***** INPUT DATA *****

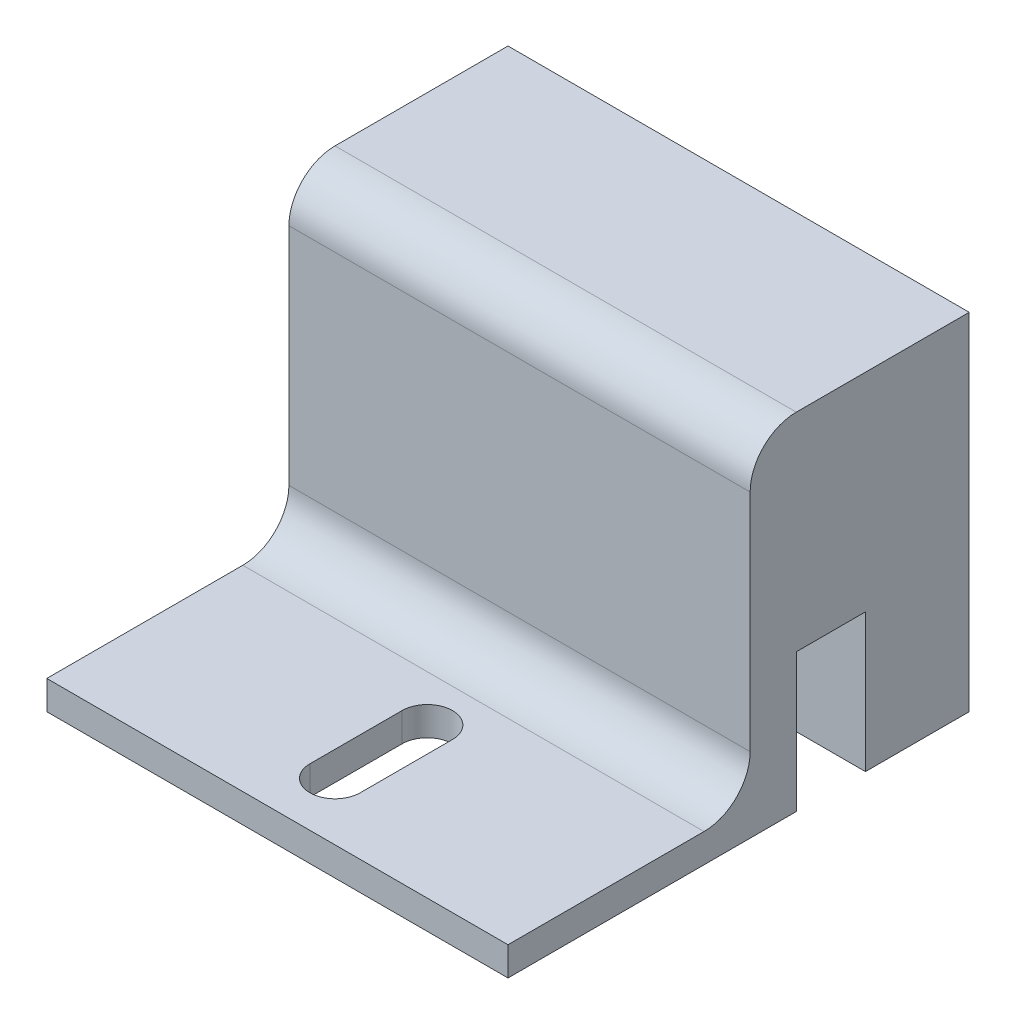
from build123d import *

# Parameters (mm, degrees)
BOSS_EXTRUDE1_DEPTH = 50.8
CUT_EXTRUDE1_DEPTH  = 80.881384721
FILLET1_R           = 5.08


with BuildPart() as part:
    # Sketch1 → Boss-Extrude1 (new body)
    with BuildSketch(Plane(origin=(0, 0, 0), x_dir=(0, 0, -1), z_dir=(1, 0, 0))):
        Polygon((0, 0), (-11.43, 0), (-11.43, 15.24), (-19.05, 15.24), (-19.05, 0), (-50.8, 0), (-50.8, 3.175), (-24.13, 3.175), (-24.13, 38.1), (0, 38.1), align=None)
    extrude(amount=BOSS_EXTRUDE1_DEPTH)

    # Sketch2 → Cut-Extrude1 (cut, through all)
    with BuildSketch(Plane(origin=(0, 3.175, 0), x_dir=(1, 0, 0), z_dir=(0, 1, 0))):
        with BuildLine():
            Line((28.1686, -34.29), (28.1686, -44.45))
            ThreePointArc((28.1686, -44.45), (25.4, -47.2186), (22.6314, -44.45))
            Line((22.6314, -44.45), (22.6314, -34.29))
            ThreePointArc((22.6314, -34.29), (25.4, -31.5214), (28.1686, -34.29))
        make_face()
    extrude(amount=-CUT_EXTRUDE1_DEPTH, mode=Mode.SUBTRACT)

    # Fillet1
    fillet1_edges = [part.edges().sort_by_distance(p)[0] for p in [
        (25.4, 3.175, 24.13),
        (25.4, 38.1, 24.13),
    ]]
    fillet(fillet1_edges, radius=FILLET1_R)


solid = part.part

*****

■ DESCRIPTION OF THE TASK ■
Output every entry above verbatim, but leave out the pictures.

■ PROBLEM SOLUTION ■
from build123d import *

# Parameters (mm, degrees)
BOSS_EXTRUDE1_DEPTH = 50.8
CUT_EXTRUDE1_DEPTH  = 80.881384721
FILLET1_R           = 5.08


with BuildPart() as part:
    # Sketch1 → Boss-Extrude1 (new body)
    with BuildSketch(Plane(origin=(0, 0, 0), x_dir=(0, 0, -1), z_dir=(1, 0, 0))):
        Polygon((0, 0), (-11.43, 0), (-11.43, 15.24), (-19.05, 15.24), (-19.05, 0), (-50.8, 0), (-50.8, 3.175), (-24.13, 3.175), (-24.13, 38.1), (0, 38.1), align=None)
    extrude(amount=BOSS_EXTRUDE1_DEPTH)

    # Sketch2 → Cut-Extrude1 (cut, through all)
    with BuildSketch(Plane(origin=(0, 3.175, 0), x_dir=(1, 0, 0), z_dir=(0, 1, 0))):
        with BuildLine():
            Line((28.1686, -34.29), (28.1686, -44.45))
            ThreePointArc((28.1686, -44.45), (25.4, -47.2186), (22.6314, -44.45))
            Line((22.6314, -44.45), (22.6314, -34.29))
            ThreePointArc((22.6314, -34.29), (25.4, -31.5214), (28.1686, -34.29))
        make_face()
    extrude(amount=-CUT_EXTRUDE1_DEPTH, mode=Mode.SUBTRACT)

    # Fillet1
    fillet1_edges = [part.edges().sort_by_distance(p)[0] for p in [
        (25.4, 3.175, 24.13),
        (25.4, 38.1, 24.13),
    ]]
    fillet(fillet1_edges, radius=FILLET1_R)


solid = part.part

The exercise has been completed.